In a Nov. 15 report, the Committee on Freedom of Association of the International Labour Organization “fails to see any reason why the basic rights of association and collective bargaining afforded to all workers should not also apply to part-time employees. The committee therefore requests the government rapidly take legislative measures, in consultation with the social partners, to ensure that academic and support part-time staff in colleges of applied arts and technology fully enjoy the rights to organize and to bargain collectively, as any other workers.”

The ILO decision has stripped away the fig leaf proffered by the Ontario government and college management that part-time and sessional college employees have no collective bargaining rights because it is ‘the law.’ Legislation which removes human rights is not ‘the law’ but the abrogation of the rule of law and Canada's international commitments.  The provisions of the (law) which have been used to prevent the organization of part-time college employees deserve nothing but contempt.

In forming OPSECAAT, the part-time and sessional college employees have rejected the government's position that they can do nothing about their situation.(…) While the laws make no provision for part-time and sessional employees to negotiate a collective agreement, they do not, and cannot, prevent them from exercising their right of freedom of association to collectively determine how to defend their common interests and to organize to win acceptable wages and working conditions.

“We need(ed) to form an association to work with each other collectively and then deal with college management from a position of strength,” said OPSECAAT president Roger Couvrette. “Creating an association is a key first step towards the long-term goal of union representation,” he said. “Of course the law will have to change for that to occur, but once you have an association that is up and running, perform a lot of the functions that a union would perform. The history of the labour movement is such that you didn't ask permission to form a union,” Couvrette says.
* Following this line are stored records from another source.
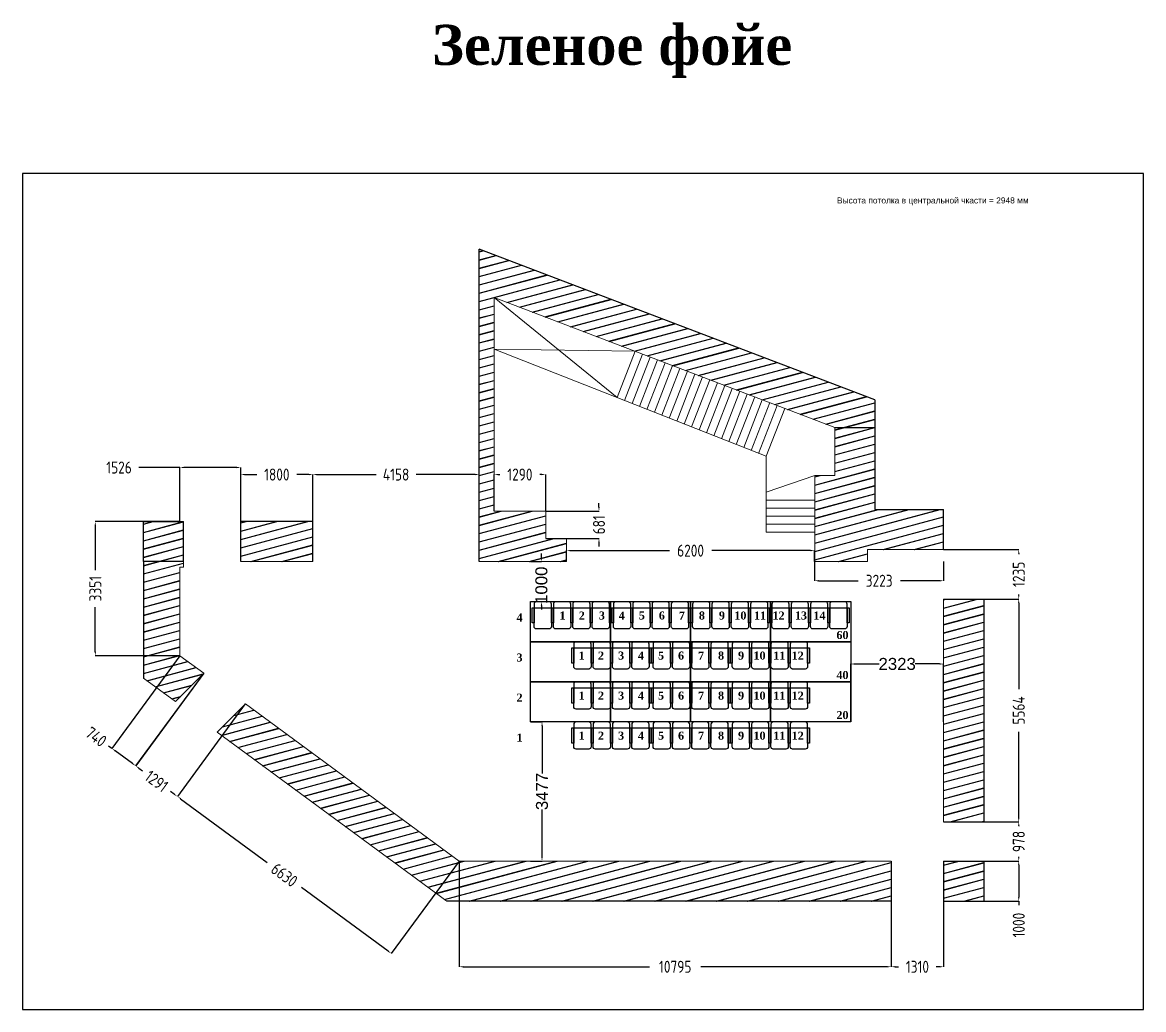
# Model space of a CAD drawing. Header units: millimetres. Extents: x -520232 to 211296, y -156633 to 78411.
# Drawn here: x 183283 to 211296, y 47477 to 72129 of the extents above; entities that cross this region are included whole.
import ezdxf

# ---------------------------------------------------------------- set-up
doc = ezdxf.new("R2010")
doc.units = ezdxf.units.MM
for name, color, linetype in [('Декорации', 10, 'Continuous'), ('Моторы', 7, 'Continuous'), ('Партер', 7, 'Continuous')]:
    doc.layers.add(name, color=color, linetype=linetype)
doc.layers.add('Сидения и станки', color=7, linetype='Continuous', lineweight=25)
doc.styles.get("Standard").update_dxf_attribs({"font": 'arial.ttf', "height": 300})
doc.styles.add('СГЕНЕРИР_СТИЛЬ_1', font='gost_2_304-81_type.ttf')
doc.dimstyles.new('Размеры', dxfattribs={"dimtxt": 300, "dimasz": 100, "dimexe": 0.18, "dimexo": 0.0625, "dimgap": 0.09, "dimtad": 0, "dimdec": 0, "dimzin": 0, "dimdsep": 46, "dimtxsty": 'Standard', "dimcen": 0.09, "dimclrd": 250, "dimclre": 250, "dimclrt": 250, "dimadec": 0, "dimazin": 0, "dimtfac": 1, "dimtdec": 0, "dimtofl": 0, "dimtmove": 0, "dimatfit": 3, "dimfxl": 1, "dimtfillclr": 250, "dimtolj": 1, "dimtzin": 0, "dimarcsym": 0})
pattern_1 = [(15, (187235, 58193.31), (-51.7638, 193.1852), []), (15, (187238.46, 58191.31), (-51.7638, 193.1852), [])]

# ---------------------------------------------------------------- blocks, each defined once
blk = doc.blocks.new('*D5')
at = {"color": 250, "lineweight": -2, "transparency": 16777216}
for p, q in [((194196, 51186), (194196, 48546)), ((204991, 51186), (204991, 48546)), ((194296, 48546), (198951, 48546)), ((204891, 48546), (200237, 48546))]:
    blk.add_line(p, q, dxfattribs=at)
at = {"color": 250, "lineweight": 13, "transparency": 16777216}
for points in [[(194296, 48562), (194296, 48529), (194196, 48546)], [(204891, 48562), (204891, 48529), (204991, 48546)]]:
    blk.add_solid(points, dxfattribs=at)
at = {"layer": 'Defpoints', "color": 0, "lineweight": 13, "transparency": 16777216}
for p in [(194196, 51186), (204991, 51186), (204991, 48546)]:
    blk.add_point(p, dxfattribs=at)
at = {"color": 250, "lineweight": 25, "transparency": 16777216, "insert": (199594, 48546), "char_height": 300, "attachment_point": 5, "style": 'СГЕНЕРИР_СТИЛЬ_1'}
blk.add_mtext('\\A1;10795', dxfattribs=at)
blk = doc.blocks.new('*D6')
at = {"color": 250, "lineweight": -2, "transparency": 16777216}
for p, q in [((188853, 55111), (187157, 52802)), ((187237, 52743), (189402, 51152)), ((194196, 51186), (192500, 48876)), ((192419, 48936), (190254, 50526))]:
    blk.add_line(p, q, dxfattribs=at)
at = {"color": 250, "lineweight": 13, "transparency": 16777216}
for points in [[(187247, 52757), (187227, 52730), (187157, 52802)], [(192429, 48949), (192410, 48922), (192500, 48877)]]:
    blk.add_solid(points, dxfattribs=at)
at = {"layer": 'Defpoints', "color": 0, "lineweight": 13, "transparency": 16777216}
for p in [(188853, 55111), (194196, 51186), (192500, 48877)]:
    blk.add_point(p, dxfattribs=at)
at = {"color": 250, "lineweight": 25, "transparency": 16777216, "insert": (189828, 50839), "char_height": 300, "attachment_point": 5, "rotation": 323.6955, "style": 'СГЕНЕРИР_СТИЛЬ_1'}
blk.add_mtext('\\A1;6630', dxfattribs=at)
blk = doc.blocks.new('*D7')
at = {"color": 250, "lineweight": -2, "transparency": 16777216}
for p, q in [((187216, 56314), (185516, 54000)), ((187812, 55876), (186112, 53562)), ((185516, 54000), (185435, 54059)), ((186032, 53621), (185597, 53941))]:
    blk.add_line(p, q, dxfattribs=at)
at = {"color": 250, "lineweight": 13, "transparency": 16777216}
for points in [[(185606, 53954), (185587, 53927), (185516, 54000)], [(186042, 53634), (186022, 53608), (186112, 53562)]]:
    blk.add_solid(points, dxfattribs=at)
at = {"layer": 'Defpoints', "color": 0, "lineweight": 13, "transparency": 16777216}
for p in [(187216, 56314), (187812, 55876), (185516, 54000)]:
    blk.add_point(p, dxfattribs=at)
at = {"color": 250, "lineweight": 25, "transparency": 16777216, "insert": (185124, 54288), "char_height": 300, "attachment_point": 5, "rotation": 323.6999, "style": 'СГЕНЕРИР_СТИЛЬ_1'}
blk.add_mtext('\\A1;740', dxfattribs=at)
blk = doc.blocks.new('*D1')
at = {"color": 250, "lineweight": -2, "transparency": 16777216}
for p, q in [((187215, 59664), (185105, 59664)), ((185105, 59564), (185105, 58453)), ((185105, 56413), (185105, 57524)), ((187215, 56313), (185105, 56313))]:
    blk.add_line(p, q, dxfattribs=at)
at = {"color": 250, "lineweight": 13, "transparency": 16777216}
for points in [[(185088, 59564), (185122, 59564), (185105, 59664)], [(185088, 56413), (185122, 56413), (185105, 56313)]]:
    blk.add_solid(points, dxfattribs=at)
at = {"layer": 'Defpoints', "color": 0, "lineweight": 13, "transparency": 16777216}
for p in [(185105, 59664), (187215, 59664), (187215, 56313)]:
    blk.add_point(p, dxfattribs=at)
at = {"color": 250, "lineweight": 25, "transparency": 16777216, "insert": (185105, 57989), "char_height": 300, "attachment_point": 5, "rotation": 90, "style": 'СГЕНЕРИР_СТИЛЬ_1'}
blk.add_mtext('\\A1;3351', dxfattribs=at)
blk = doc.blocks.new('*D8')
at = {"color": 250, "lineweight": -2, "transparency": 16777216}
for p, q in [((188740, 59664), (188740, 60838)), ((188840, 60838), (189140, 60838)), ((190440, 60838), (190140, 60838)), ((190540, 59664), (190540, 60838))]:
    blk.add_line(p, q, dxfattribs=at)
at = {"color": 250, "lineweight": 13, "transparency": 16777216}
for points in [[(188840, 60855), (188840, 60821), (188740, 60838)], [(190440, 60855), (190440, 60821), (190540, 60838)]]:
    blk.add_solid(points, dxfattribs=at)
at = {"layer": 'Defpoints', "color": 0, "lineweight": 13, "transparency": 16777216}
for p in [(190540, 60838), (188740, 59664), (190540, 59664)]:
    blk.add_point(p, dxfattribs=at)
at = {"color": 250, "lineweight": 25, "transparency": 16777216, "insert": (189640, 60838), "char_height": 300, "attachment_point": 5, "style": 'СГЕНЕРИР_СТИЛЬ_1'}
blk.add_mtext('\\A1;1800', dxfattribs=at)
blk = doc.blocks.new('*D2')
at = {"color": 250, "lineweight": -2, "transparency": 16777216}
for p, q in [((187215, 61014), (186191, 61014)), ((187215, 59664), (187215, 61014)), ((188640, 61014), (187315, 61014)), ((188740, 59665), (188740, 61014))]:
    blk.add_line(p, q, dxfattribs=at)
at = {"color": 250, "lineweight": 13, "transparency": 16777216}
for points in [[(187315, 61030), (187315, 60997), (187215, 61014)], [(188640, 61030), (188640, 60997), (188740, 61014)]]:
    blk.add_solid(points, dxfattribs=at)
at = {"layer": 'Defpoints', "color": 0, "lineweight": 13, "transparency": 16777216}
for p in [(188740, 61014), (187215, 59664), (188740, 59665)]:
    blk.add_point(p, dxfattribs=at)
at = {"color": 250, "lineweight": 25, "transparency": 16777216, "insert": (185698, 61014), "char_height": 300, "attachment_point": 5, "style": 'СГЕНЕРИР_СТИЛЬ_1'}
blk.add_mtext('\\A1;1526', dxfattribs=at)
blk = doc.blocks.new('*D9')
at = {"color": 250, "lineweight": -2, "transparency": 16777216}
for p, q in [((190540, 59664), (190540, 60838)), ((190640, 60838), (192119, 60838)), ((194598, 60838), (193119, 60838)), ((194698, 59664), (194698, 60838))]:
    blk.add_line(p, q, dxfattribs=at)
at = {"color": 250, "lineweight": 13, "transparency": 16777216}
for points in [[(190640, 60855), (190640, 60821), (190540, 60838)], [(194598, 60855), (194598, 60821), (194698, 60838)]]:
    blk.add_solid(points, dxfattribs=at)
at = {"layer": 'Defpoints', "color": 0, "lineweight": 13, "transparency": 16777216}
for p in [(194698, 60838), (190540, 59664), (194698, 59664)]:
    blk.add_point(p, dxfattribs=at)
at = {"color": 250, "lineweight": 25, "transparency": 16777216, "insert": (192619, 60838), "char_height": 300, "attachment_point": 5, "style": 'СГЕНЕРИР_СТИЛЬ_1'}
blk.add_mtext('\\A1;4158', dxfattribs=at)
blk = doc.blocks.new('*D3')
at = {"color": 250, "lineweight": -2, "transparency": 16777216}
for p, q in [((187812, 55875), (186113, 53563)), ((188853, 55111), (187154, 52798)), ((186194, 53504), (186282, 53439)), ((187073, 52858), (186985, 52923))]:
    blk.add_line(p, q, dxfattribs=at)
at = {"color": 250, "lineweight": 13, "transparency": 16777216}
for points in [[(186204, 53517), (186184, 53490), (186113, 53563)], [(187083, 52871), (187064, 52844), (187154, 52798)]]:
    blk.add_solid(points, dxfattribs=at)
at = {"layer": 'Defpoints', "color": 0, "lineweight": 13, "transparency": 16777216}
for p in [(187812, 55875), (188853, 55111), (187154, 52798)]:
    blk.add_point(p, dxfattribs=at)
at = {"color": 250, "lineweight": 25, "transparency": 16777216, "insert": (186634, 53181), "char_height": 300, "attachment_point": 5, "rotation": 323.6999, "style": 'СГЕНЕРИР_СТИЛЬ_1'}
blk.add_mtext('\\A1;1291', dxfattribs=at)
blk = doc.blocks.new('*D10')
at = {"color": 250, "lineweight": -2, "transparency": 16777216}
for p, q in [((196878, 58663), (196878, 58939)), ((196978, 58938), (199450, 58938)), ((202978, 58938), (200507, 58938)), ((203078, 58663), (203078, 58939))]:
    blk.add_line(p, q, dxfattribs=at)
at = {"color": 250, "lineweight": 13, "transparency": 16777216}
for points in [[(196978, 58955), (196978, 58922), (196878, 58938)], [(202978, 58955), (202978, 58922), (203078, 58938)]]:
    blk.add_solid(points, dxfattribs=at)
at = {"layer": 'Defpoints', "color": 0, "lineweight": 13, "transparency": 16777216}
for p in [(203078, 58938), (196878, 58663), (203078, 58663)]:
    blk.add_point(p, dxfattribs=at)
at = {"color": 250, "lineweight": 25, "transparency": 16777216, "insert": (199978, 58938), "char_height": 300, "attachment_point": 5, "style": 'СГЕНЕРИР_СТИЛЬ_1'}
blk.add_mtext('\\A1;6200', dxfattribs=at)
blk = doc.blocks.new('*D11')
at = {"color": 250, "lineweight": -2, "transparency": 16777216}
for p, q in [((195068, 59923), (195068, 60838)), ((195168, 60838), (195213, 60838)), ((196258, 60838), (196213, 60838)), ((196358, 59923), (196358, 60838))]:
    blk.add_line(p, q, dxfattribs=at)
at = {"color": 250, "lineweight": 13, "transparency": 16777216}
for points in [[(195168, 60854), (195168, 60821), (195068, 60838)], [(196258, 60854), (196258, 60821), (196358, 60838)]]:
    blk.add_solid(points, dxfattribs=at)
at = {"layer": 'Defpoints', "color": 0, "lineweight": 13, "transparency": 16777216}
for p in [(195068, 60838), (195068, 59923), (196358, 59923)]:
    blk.add_point(p, dxfattribs=at)
at = {"color": 250, "lineweight": 25, "transparency": 16777216, "insert": (195713, 60838), "char_height": 300, "attachment_point": 5, "style": 'СГЕНЕРИР_СТИЛЬ_1'}
blk.add_mtext('\\A1;1290', dxfattribs=at)
blk = doc.blocks.new('*D12')
at = {"color": 250, "lineweight": -2, "transparency": 16777216}
for p, q in [((197689, 60024), (197689, 60124)), ((196358, 59924), (197690, 59924)), ((196358, 59243), (197690, 59243)), ((197689, 59143), (197689, 59043))]:
    blk.add_line(p, q, dxfattribs=at)
at = {"color": 250, "lineweight": 13, "transparency": 16777216}
for points in [[(197673, 60024), (197706, 60024), (197689, 59924)], [(197673, 59143), (197706, 59143), (197689, 59243)]]:
    blk.add_solid(points, dxfattribs=at)
at = {"layer": 'Defpoints', "color": 0, "lineweight": 13, "transparency": 16777216}
for p in [(196358, 59924), (196358, 59243), (197689, 59243)]:
    blk.add_point(p, dxfattribs=at)
at = {"color": 250, "lineweight": 25, "transparency": 16777216, "insert": (197689, 59584), "char_height": 300, "attachment_point": 5, "rotation": 90, "style": 'СГЕНЕРИР_СТИЛЬ_1'}
blk.add_mtext('\\A1;681', dxfattribs=at)
blk = doc.blocks.new('*D4')
at = {"color": 250, "lineweight": -2, "transparency": 16777216}
for p, q in [((203078, 58664), (203078, 58186)), ((206301, 58664), (206301, 58186)), ((203178, 58186), (204161, 58186)), ((206201, 58186), (205219, 58186))]:
    blk.add_line(p, q, dxfattribs=at)
at = {"color": 250, "lineweight": 13, "transparency": 16777216}
for points in [[(203178, 58203), (203178, 58169), (203078, 58186)], [(206201, 58203), (206201, 58169), (206301, 58186)]]:
    blk.add_solid(points, dxfattribs=at)
at = {"layer": 'Defpoints', "color": 0, "lineweight": 13, "transparency": 16777216}
for p in [(203078, 58664), (206301, 58664), (206301, 58186)]:
    blk.add_point(p, dxfattribs=at)
at = {"color": 250, "lineweight": 25, "transparency": 16777216, "insert": (204690, 58186), "char_height": 300, "attachment_point": 5, "style": 'СГЕНЕРИР_СТИЛЬ_1'}
blk.add_mtext('\\A1;3223', dxfattribs=at)
blk = doc.blocks.new('*D13')
at = {"color": 250, "lineweight": -2, "transparency": 16777216}
for p, q in [((206301, 58963), (208178, 58963)), ((208177, 58863), (208177, 58846)), ((206301, 57728), (208178, 57728)), ((208177, 57828), (208177, 57846))]:
    blk.add_line(p, q, dxfattribs=at)
at = {"color": 250, "lineweight": 13, "transparency": 16777216}
for points in [[(208161, 58863), (208194, 58863), (208177, 58963)], [(208161, 57828), (208194, 57828), (208177, 57728)]]:
    blk.add_solid(points, dxfattribs=at)
at = {"layer": 'Defpoints', "color": 0, "lineweight": 13, "transparency": 16777216}
for p in [(206301, 58963), (208177, 58963), (206301, 57728)]:
    blk.add_point(p, dxfattribs=at)
at = {"color": 250, "lineweight": 25, "transparency": 16777216, "insert": (208177, 58346), "char_height": 300, "attachment_point": 5, "rotation": 90, "style": 'СГЕНЕРИР_СТИЛЬ_1'}
blk.add_mtext('\\A1;1235', dxfattribs=at)
blk = doc.blocks.new('*D14')
at = {"color": 250, "lineweight": -2, "transparency": 16777216}
for p, q in [((207301, 57728), (208177, 57728)), ((208177, 57628), (208177, 55482)), ((208177, 52264), (208177, 54410)), ((207301, 52164), (208177, 52164))]:
    blk.add_line(p, q, dxfattribs=at)
at = {"color": 250, "lineweight": 13, "transparency": 16777216}
for points in [[(208160, 57628), (208194, 57628), (208177, 57728)], [(208160, 52264), (208194, 52264), (208177, 52164)]]:
    blk.add_solid(points, dxfattribs=at)
at = {"layer": 'Defpoints', "color": 0, "lineweight": 13, "transparency": 16777216}
for p in [(207301, 57728), (207301, 52164), (208177, 52164)]:
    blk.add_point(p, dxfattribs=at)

Ontario's part-time community college workers deserve hearty congratulations for these two achievements and full support in their campaign to have their rights of freedom of association and collective bargaining recognized by the Ontario government.

Speech: To right a wrong
By Roger Couvrette, President, OPSECAAT

Part-time support staff and teachers from 24 Ontario community colleges met to form the Organization of Part-time and Sessional Employees of the Colleges of Applied Arts and Technology (OPSECAAT). It was a crucial, historical step in righting a wrong that has endured for 30 years in Ontario. We vowed to fight as an organization until the very day that the Colleges Collective Bargaining Act is amended to give us our fundamental right as workers to form or join a union.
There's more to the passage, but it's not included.